What data can be reacted upon?

We plan to enable the Autoscaling Application block to pull data from the following sources:
- Windows Azure Diagnostics tables (e.g. CPU utilization)
- Windows Azure Storage API (e.g. # unprocessed orders on a queue)
- Windows Azure Storage Analytics (such as transaction statistics and capacity data)
- application data store (your custom metric)
- real-time data sources instrumented in the app (e.g. # active users, # tenants, # documents submitted)

How will I configure the block?

Just like any other application block, the Autoscaling Application block can be configured both declaratively and programmatically.

There are actually two levels of configuration that you’ll need to do. One is the configuration of the block itself (e.g. where it should look for rules, how often to evaluate the rules, where to log, etc.) This is no different from configuring any other application block. Then, there’s configuration of the rules with corresponding actions, which are more like data managed by the operators (it/pros). With regard to declarative configuration, as a minimum, there will be an XML configuration file with a defined schema to get IntelliSense support when authoring the rules. We are also brainstorming other options, including PowerShell commandlets and basic SCOM integration.

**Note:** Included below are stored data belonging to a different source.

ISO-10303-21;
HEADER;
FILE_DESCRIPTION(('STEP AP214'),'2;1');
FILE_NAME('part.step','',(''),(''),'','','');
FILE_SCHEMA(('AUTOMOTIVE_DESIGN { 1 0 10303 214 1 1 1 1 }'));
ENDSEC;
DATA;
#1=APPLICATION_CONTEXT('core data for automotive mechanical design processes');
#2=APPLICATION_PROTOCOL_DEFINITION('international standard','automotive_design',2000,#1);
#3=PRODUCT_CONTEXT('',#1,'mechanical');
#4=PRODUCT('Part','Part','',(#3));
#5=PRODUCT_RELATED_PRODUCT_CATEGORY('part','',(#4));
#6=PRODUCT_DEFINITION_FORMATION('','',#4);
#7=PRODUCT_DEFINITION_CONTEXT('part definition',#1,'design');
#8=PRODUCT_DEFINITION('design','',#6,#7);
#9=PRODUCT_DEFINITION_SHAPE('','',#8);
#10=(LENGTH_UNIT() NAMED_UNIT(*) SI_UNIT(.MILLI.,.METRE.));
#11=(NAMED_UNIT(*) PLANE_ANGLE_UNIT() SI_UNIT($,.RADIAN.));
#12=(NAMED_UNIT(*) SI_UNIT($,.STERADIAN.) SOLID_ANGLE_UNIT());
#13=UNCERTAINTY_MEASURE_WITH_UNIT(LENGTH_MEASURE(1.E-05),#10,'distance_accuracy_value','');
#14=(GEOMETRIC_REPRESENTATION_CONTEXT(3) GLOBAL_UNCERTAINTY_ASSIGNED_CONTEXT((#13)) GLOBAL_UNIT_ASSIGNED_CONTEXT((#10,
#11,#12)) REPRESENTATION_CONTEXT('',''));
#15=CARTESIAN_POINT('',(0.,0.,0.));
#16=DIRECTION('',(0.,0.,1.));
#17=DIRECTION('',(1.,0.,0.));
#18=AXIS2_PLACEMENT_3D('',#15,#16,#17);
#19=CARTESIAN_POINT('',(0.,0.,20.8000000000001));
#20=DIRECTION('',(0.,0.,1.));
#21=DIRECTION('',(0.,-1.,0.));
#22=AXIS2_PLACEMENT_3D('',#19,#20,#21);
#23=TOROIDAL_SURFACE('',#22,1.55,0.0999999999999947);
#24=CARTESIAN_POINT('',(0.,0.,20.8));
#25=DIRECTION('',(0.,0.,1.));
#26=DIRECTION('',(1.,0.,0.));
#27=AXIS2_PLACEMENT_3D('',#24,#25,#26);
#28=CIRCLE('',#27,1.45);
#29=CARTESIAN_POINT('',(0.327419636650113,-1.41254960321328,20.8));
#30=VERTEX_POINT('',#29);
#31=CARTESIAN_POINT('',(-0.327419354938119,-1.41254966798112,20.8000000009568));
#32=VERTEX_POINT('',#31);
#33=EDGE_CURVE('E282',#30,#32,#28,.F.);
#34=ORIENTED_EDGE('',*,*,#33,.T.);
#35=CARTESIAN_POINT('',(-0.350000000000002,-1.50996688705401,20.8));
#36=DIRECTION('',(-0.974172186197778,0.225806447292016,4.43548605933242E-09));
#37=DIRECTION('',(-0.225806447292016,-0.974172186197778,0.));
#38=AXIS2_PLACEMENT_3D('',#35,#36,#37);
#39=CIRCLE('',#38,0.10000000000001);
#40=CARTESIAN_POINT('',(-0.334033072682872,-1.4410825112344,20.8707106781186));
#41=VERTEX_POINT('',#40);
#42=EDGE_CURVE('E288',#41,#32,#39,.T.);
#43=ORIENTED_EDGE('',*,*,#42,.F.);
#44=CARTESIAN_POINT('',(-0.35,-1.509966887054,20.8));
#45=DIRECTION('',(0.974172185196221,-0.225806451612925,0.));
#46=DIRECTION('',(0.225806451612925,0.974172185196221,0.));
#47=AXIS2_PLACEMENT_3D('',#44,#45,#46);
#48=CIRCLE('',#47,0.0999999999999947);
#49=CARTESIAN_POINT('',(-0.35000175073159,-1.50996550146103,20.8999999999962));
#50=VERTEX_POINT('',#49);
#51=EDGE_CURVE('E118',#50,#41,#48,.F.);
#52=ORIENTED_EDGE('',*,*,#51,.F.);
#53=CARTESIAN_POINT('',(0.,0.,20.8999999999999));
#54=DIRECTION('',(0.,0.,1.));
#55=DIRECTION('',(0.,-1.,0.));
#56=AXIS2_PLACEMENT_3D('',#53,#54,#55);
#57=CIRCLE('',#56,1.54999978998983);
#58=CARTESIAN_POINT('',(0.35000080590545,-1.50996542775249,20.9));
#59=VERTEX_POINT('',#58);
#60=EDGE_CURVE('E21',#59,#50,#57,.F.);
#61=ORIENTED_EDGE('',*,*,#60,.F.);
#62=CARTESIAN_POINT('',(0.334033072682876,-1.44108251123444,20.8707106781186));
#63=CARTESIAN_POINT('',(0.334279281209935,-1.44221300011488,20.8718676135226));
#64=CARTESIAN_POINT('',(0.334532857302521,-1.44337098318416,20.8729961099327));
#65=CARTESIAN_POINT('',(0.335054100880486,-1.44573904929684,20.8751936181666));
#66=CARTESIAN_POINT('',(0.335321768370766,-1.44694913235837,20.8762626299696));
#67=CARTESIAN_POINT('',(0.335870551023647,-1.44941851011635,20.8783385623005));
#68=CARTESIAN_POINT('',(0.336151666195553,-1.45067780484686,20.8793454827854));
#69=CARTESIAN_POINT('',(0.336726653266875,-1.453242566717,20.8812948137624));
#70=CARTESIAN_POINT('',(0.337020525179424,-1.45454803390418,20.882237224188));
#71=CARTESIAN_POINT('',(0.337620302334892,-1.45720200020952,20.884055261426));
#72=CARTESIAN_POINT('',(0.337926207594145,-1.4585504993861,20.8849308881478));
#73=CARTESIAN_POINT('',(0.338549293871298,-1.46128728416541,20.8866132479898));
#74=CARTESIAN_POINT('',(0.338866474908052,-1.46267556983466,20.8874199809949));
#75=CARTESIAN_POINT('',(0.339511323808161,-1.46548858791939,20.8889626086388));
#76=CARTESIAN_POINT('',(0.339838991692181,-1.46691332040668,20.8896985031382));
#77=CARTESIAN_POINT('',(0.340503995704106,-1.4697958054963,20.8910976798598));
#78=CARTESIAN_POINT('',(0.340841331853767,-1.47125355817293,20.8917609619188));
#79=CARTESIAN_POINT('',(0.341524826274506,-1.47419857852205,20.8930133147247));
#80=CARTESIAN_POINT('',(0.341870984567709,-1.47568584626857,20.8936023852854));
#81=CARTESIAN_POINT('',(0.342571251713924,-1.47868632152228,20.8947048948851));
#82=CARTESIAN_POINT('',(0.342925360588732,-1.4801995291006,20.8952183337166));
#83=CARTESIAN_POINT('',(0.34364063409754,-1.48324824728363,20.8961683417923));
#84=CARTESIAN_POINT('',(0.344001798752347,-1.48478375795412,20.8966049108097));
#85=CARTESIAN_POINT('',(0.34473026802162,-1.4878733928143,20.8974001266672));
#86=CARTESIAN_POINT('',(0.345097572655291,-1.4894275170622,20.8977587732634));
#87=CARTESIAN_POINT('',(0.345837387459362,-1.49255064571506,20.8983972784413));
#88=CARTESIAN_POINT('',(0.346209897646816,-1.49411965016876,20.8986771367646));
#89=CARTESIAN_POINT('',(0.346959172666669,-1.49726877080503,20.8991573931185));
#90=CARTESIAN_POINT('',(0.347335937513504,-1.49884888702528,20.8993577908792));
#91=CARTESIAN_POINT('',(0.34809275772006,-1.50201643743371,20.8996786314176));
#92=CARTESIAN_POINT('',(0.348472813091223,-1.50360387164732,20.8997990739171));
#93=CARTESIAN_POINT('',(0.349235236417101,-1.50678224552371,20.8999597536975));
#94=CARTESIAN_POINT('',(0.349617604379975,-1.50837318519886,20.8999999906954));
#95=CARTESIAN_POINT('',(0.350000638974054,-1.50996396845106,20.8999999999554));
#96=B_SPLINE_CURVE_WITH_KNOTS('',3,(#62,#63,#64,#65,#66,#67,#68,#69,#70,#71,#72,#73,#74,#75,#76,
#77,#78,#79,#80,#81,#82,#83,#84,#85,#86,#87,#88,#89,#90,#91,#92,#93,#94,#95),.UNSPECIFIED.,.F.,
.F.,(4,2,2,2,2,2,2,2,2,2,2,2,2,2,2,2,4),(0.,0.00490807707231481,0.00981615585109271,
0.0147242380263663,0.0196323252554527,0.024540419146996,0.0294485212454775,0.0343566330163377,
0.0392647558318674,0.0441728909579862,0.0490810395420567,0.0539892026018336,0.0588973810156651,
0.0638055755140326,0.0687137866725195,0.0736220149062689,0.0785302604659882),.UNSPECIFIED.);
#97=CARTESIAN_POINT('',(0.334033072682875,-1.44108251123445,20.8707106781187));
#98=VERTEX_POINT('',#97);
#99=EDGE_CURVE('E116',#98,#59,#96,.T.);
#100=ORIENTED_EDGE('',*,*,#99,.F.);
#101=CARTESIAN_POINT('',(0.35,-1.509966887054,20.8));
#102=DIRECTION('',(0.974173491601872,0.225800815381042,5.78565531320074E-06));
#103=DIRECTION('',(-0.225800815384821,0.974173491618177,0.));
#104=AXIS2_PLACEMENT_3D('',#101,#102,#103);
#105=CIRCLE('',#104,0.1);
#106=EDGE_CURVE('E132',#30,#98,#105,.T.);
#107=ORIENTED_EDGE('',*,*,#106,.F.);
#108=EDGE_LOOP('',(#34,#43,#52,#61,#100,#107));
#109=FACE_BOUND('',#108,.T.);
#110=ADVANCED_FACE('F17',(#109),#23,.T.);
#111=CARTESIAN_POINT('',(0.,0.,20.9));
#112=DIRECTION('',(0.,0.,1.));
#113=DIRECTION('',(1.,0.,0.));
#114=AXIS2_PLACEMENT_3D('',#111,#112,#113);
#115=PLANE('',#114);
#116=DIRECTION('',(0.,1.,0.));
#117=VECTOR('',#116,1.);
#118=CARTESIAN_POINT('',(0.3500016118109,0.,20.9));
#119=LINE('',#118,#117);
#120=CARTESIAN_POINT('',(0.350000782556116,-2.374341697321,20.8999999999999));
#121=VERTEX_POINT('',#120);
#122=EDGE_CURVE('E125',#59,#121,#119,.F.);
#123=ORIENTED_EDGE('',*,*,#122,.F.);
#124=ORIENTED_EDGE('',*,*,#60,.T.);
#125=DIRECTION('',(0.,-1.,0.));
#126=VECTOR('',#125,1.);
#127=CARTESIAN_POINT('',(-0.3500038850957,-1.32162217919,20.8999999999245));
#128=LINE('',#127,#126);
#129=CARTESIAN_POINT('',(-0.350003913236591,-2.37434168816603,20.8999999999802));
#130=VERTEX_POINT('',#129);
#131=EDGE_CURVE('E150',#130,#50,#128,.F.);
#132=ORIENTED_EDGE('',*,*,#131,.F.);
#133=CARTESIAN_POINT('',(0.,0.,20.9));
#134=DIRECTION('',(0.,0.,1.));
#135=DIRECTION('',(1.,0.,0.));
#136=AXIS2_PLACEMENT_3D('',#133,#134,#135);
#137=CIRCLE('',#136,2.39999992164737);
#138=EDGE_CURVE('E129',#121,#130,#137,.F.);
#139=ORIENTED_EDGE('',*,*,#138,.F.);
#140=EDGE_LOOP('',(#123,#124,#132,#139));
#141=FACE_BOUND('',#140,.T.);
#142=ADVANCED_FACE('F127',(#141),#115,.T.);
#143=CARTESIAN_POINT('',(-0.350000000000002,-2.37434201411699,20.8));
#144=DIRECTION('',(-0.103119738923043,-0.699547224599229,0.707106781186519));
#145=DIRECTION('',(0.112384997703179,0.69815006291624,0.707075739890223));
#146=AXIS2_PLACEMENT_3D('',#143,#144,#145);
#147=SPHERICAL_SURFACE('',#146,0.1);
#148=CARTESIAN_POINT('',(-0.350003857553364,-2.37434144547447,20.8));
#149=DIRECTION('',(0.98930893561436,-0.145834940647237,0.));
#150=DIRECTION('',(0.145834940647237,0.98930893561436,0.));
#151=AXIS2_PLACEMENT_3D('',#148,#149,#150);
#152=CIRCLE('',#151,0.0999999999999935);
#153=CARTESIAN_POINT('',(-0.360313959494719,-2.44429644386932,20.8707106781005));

Where will the block be hosted?

The Autoscaling Application block is a component, which you must host in a client. We envision that you will be able to use the block in different hosts:
- worker role
- windows service on-prem
- stand-alone app on-prem.

Our sample application implementation will use the block from a worker role. However, there’s nothing the block design that forces you to do so.

When will the Autoscaling Application Block be available?

Our plan is to ship this fall. We’ll be making regular Codeplex drops for you to inspect the block more closely and to provide feedback. Don’t wait too long – we are moving fast!

Final notes for today

This initial post gives you a quick overview of what’s coming in the Autoscaling Application block. In the future posts, I intend to address the following topics:

1) Multiple rule interaction
2) Scale groups
3) Kinetic stabilizer for dealing with the high frequency oscillation problem
4) Specifying custom business rules
5) Declarative configuration
6) Programmatic configuration
7) Autoscaling trace trail/history
8) Autoscaling visualizations

I’d like to conclude with an important note. To take advantage of the Autoscaling Application block, your application needs to be designed for scalability. There are many considerations. For example, a simple web role may not be scalable because it uses a session implementation that is not web farm friendly. I’ll try to touch on these considerations in the future posts. But for now remember, the Autoscaling Application block doesn’t automatically make your application scalable!